Благодаря моим «дружинникам» братчина на помин души царицы Анастасии была занесена в летописец, как самая «гуманная».
— Да, твои мальцы действовали ловко и умело. — сказал отец. — Как настоящие воеводы. Малым отрядом руководить так же трудно, как и большим, а тебя они слушались буквально по мановению твоей руки.
Отец вздохнул.
— Понимаю тебя, сын. Свалилась на тебя доля нелёгкая. Выдюжишь ли?
— Время покажет, — пожал плечами я. — Сейчас нужно к битве за Полоцк подготовиться. Вот тут мне твоя помощь нужна, отец. Как воеводы, опытного.
— Ты лучше с дядькой Данилом ближе сходись. Он в прошлом годе был дворовым воеводой, когда они с царём к Коломне татар воевать ходили.
— Мне не советы нужны, а помощь в походе. Ты же пойдёшь воевать Полоцк?

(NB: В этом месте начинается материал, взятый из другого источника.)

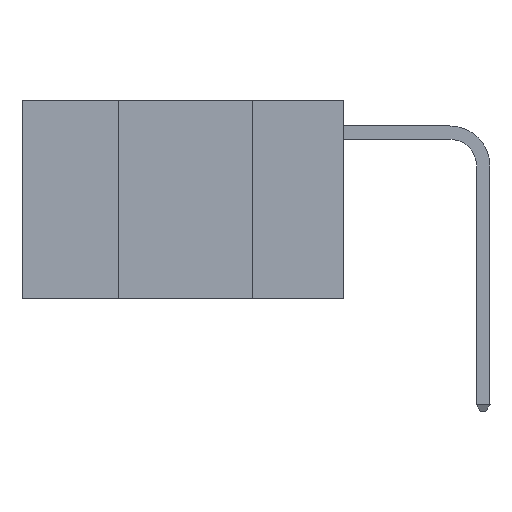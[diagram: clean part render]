
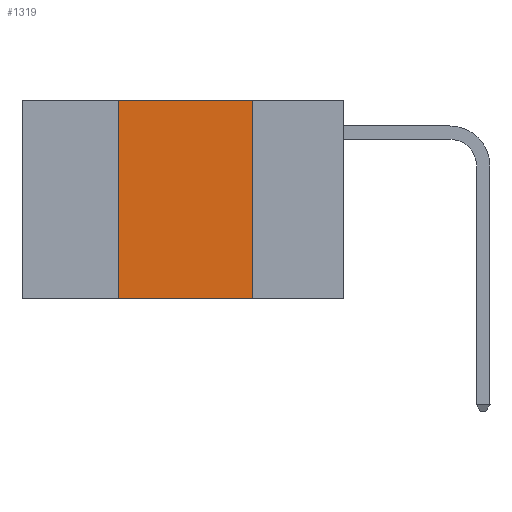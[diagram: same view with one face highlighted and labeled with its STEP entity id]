
A CAD part, left-side view. The second image highlights one B-rep face of the part: STEP entity #1319.
In plain terms, the highlighted planar face has unit normal (-1, 0, 0).
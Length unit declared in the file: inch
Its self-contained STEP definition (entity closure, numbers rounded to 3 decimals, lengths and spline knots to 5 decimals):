
#340 = CARTESIAN_POINT ( 'NONE',  ( 0., 0.42, 0. ) ) ;
#470 = ORIENTED_EDGE ( 'NONE', *, *, #1128, .T. ) ;
#541 = EDGE_CURVE ( 'NONE', #8833, #8578, #1908, .T. ) ;
#786 = EDGE_CURVE ( 'NONE', #8578, #9808, #3308, .T. ) ;
#853 = EDGE_CURVE ( 'NONE', #8051, #8833, #1396, .T. ) ;
#928 = CARTESIAN_POINT ( 'NONE',  ( 0., 0.17, -0.37 ) ) ;
#1128 = EDGE_CURVE ( 'NONE', #8051, #9808, #9227, .T. ) ;
#1319 = ADVANCED_FACE ( 'NONE', ( #3449 ), #8886, .F. ) ;
#1396 = LINE ( 'NONE', #3642, #1586 ) ;
#1586 = VECTOR ( 'NONE', #3779, 39.37008 ) ;
#1908 = LINE ( 'NONE', #3898, #1969 ) ;
#1969 = VECTOR ( 'NONE', #12247, 39.37008 ) ;
#3190 = VECTOR ( 'NONE', #7863, 39.37008 ) ;
#3308 = LINE ( 'NONE', #7861, #3190 ) ;
#3449 = FACE_OUTER_BOUND ( 'NONE', #11272, .T. ) ;
#3642 = CARTESIAN_POINT ( 'NONE',  ( 0., 0.42, 0. ) ) ;
#3779 = DIRECTION ( 'NONE',  ( 0., 0., 1. ) ) ;
#3898 = CARTESIAN_POINT ( 'NONE',  ( 0., 0.6, 0. ) ) ;
#5523 = CARTESIAN_POINT ( 'NONE',  ( 0., 0.42, -0.37 ) ) ;
#7861 = CARTESIAN_POINT ( 'NONE',  ( 0., 0.17, 0. ) ) ;
#7863 = DIRECTION ( 'NONE',  ( 0., 0., -1. ) ) ;
#8051 = VERTEX_POINT ( 'NONE', #5523 ) ;
#8172 = CARTESIAN_POINT ( 'NONE',  ( 0., 0.17, 0. ) ) ;
#8416 = VECTOR ( 'NONE', #11232, 39.37008 ) ;
#8578 = VERTEX_POINT ( 'NONE', #8172 ) ;
#8833 = VERTEX_POINT ( 'NONE', #340 ) ;
#8854 = DIRECTION ( 'NONE',  ( 0., 0., -1. ) ) ;
#8858 = DIRECTION ( 'NONE',  ( 1., 0., 0. ) ) ;
#8886 = PLANE ( 'NONE',  #11370 ) ;
#8982 = CARTESIAN_POINT ( 'NONE',  ( 0., 0.6, 0. ) ) ;
#9227 = LINE ( 'NONE', #11412, #8416 ) ;
#9808 = VERTEX_POINT ( 'NONE', #928 ) ;
#10573 = ORIENTED_EDGE ( 'NONE', *, *, #786, .F. ) ;
#11232 = DIRECTION ( 'NONE',  ( 0., -1., 0. ) ) ;
#11272 = EDGE_LOOP ( 'NONE', ( #10573, #12002, #12872, #470 ) ) ;
#11370 = AXIS2_PLACEMENT_3D ( 'NONE', #8982, #8858, #8854 ) ;
#11412 = CARTESIAN_POINT ( 'NONE',  ( 0., 0.6, -0.37 ) ) ;
#12002 = ORIENTED_EDGE ( 'NONE', *, *, #541, .F. ) ;
#12247 = DIRECTION ( 'NONE',  ( 0., -1., 0. ) ) ;
#12872 = ORIENTED_EDGE ( 'NONE', *, *, #853, .F. ) ;

Отец кивнул, не понимая к чему я клоню.
— Не хочешь же ты взять меня под свою руку? — наконец-то с трудом вымолвил Никита Романович. — Как-то неправильно это.
— Конечно же нет, отец. Я думаю о том, чтобы сохранить обоз с запасами. Сам знаешь, наверное, что много повозок не доезжают до места сражения. И кони гибнут, и люди, и разбойники грабят, и сами обозники разбегаются по лесам.
— Я-то знаю, а вот откуда ты это знаешь. На обозы мало кто внимание обращает. Все норовят скорее к месту боя добраться. Только потом по обозы вспоминают, когда свой порох и провизия заканчиваются.
— Да, ты когда вернулся из Ливонии в том году с кем-то за чаркой вина ругался на обозников, вот и запомнил.
— Я?! — удивился отец. — А-а-а! Ну, может быть. И ты запомнил? Молодец! То мы с князем Василием Оболенским барона Фридриха под Тирзеном полонили. Славный был бой, но Мариенбург едва взяли. Обоз с припасами заблудился.
Никита Романович воодушевился, вспоминая недавние битвы, а я сидел и внимательно слушал пока он не замолчал и не уставился на меня. Странный у отца был взгляд. Вроде как у собаки, ожидающей когда хозяин бросит палку. Прости Господи за такое сравнение… Или, как сказал бы во мне Трубецкой: «В положении стенд-бай», то есть постоянной готовности.
Странно, я не понимал, кто сейчас во мне доминировал. Похоже, что «попаданец», но я всё ещё осознавал себя восьмилетним. Как у восьмилетнего, у меня очень быстро мелькали мысли. Я моментально переключался с вопроса на вопрос, словно чья-то рука нажимала кнопки телевизионного пульта и переключала мозг с программы на программу. Причём, когда «пульт» возвращался на предыдущую мысль, она уже была «обмозгована», словно процесс обработки «вопроса» шёл быстрее, когда мозг переключался на другой канал.
Скорее всего, теперь во мне доминировала взрослая личность, потому что я не воспринимал Никиту Романовича Захарьина-Юрьева, как своего отца и… Он был прав, не было у меня к нему сыновнего трепета. И, да, я ощущал себя его ровней, прости меня Господи за гордыню.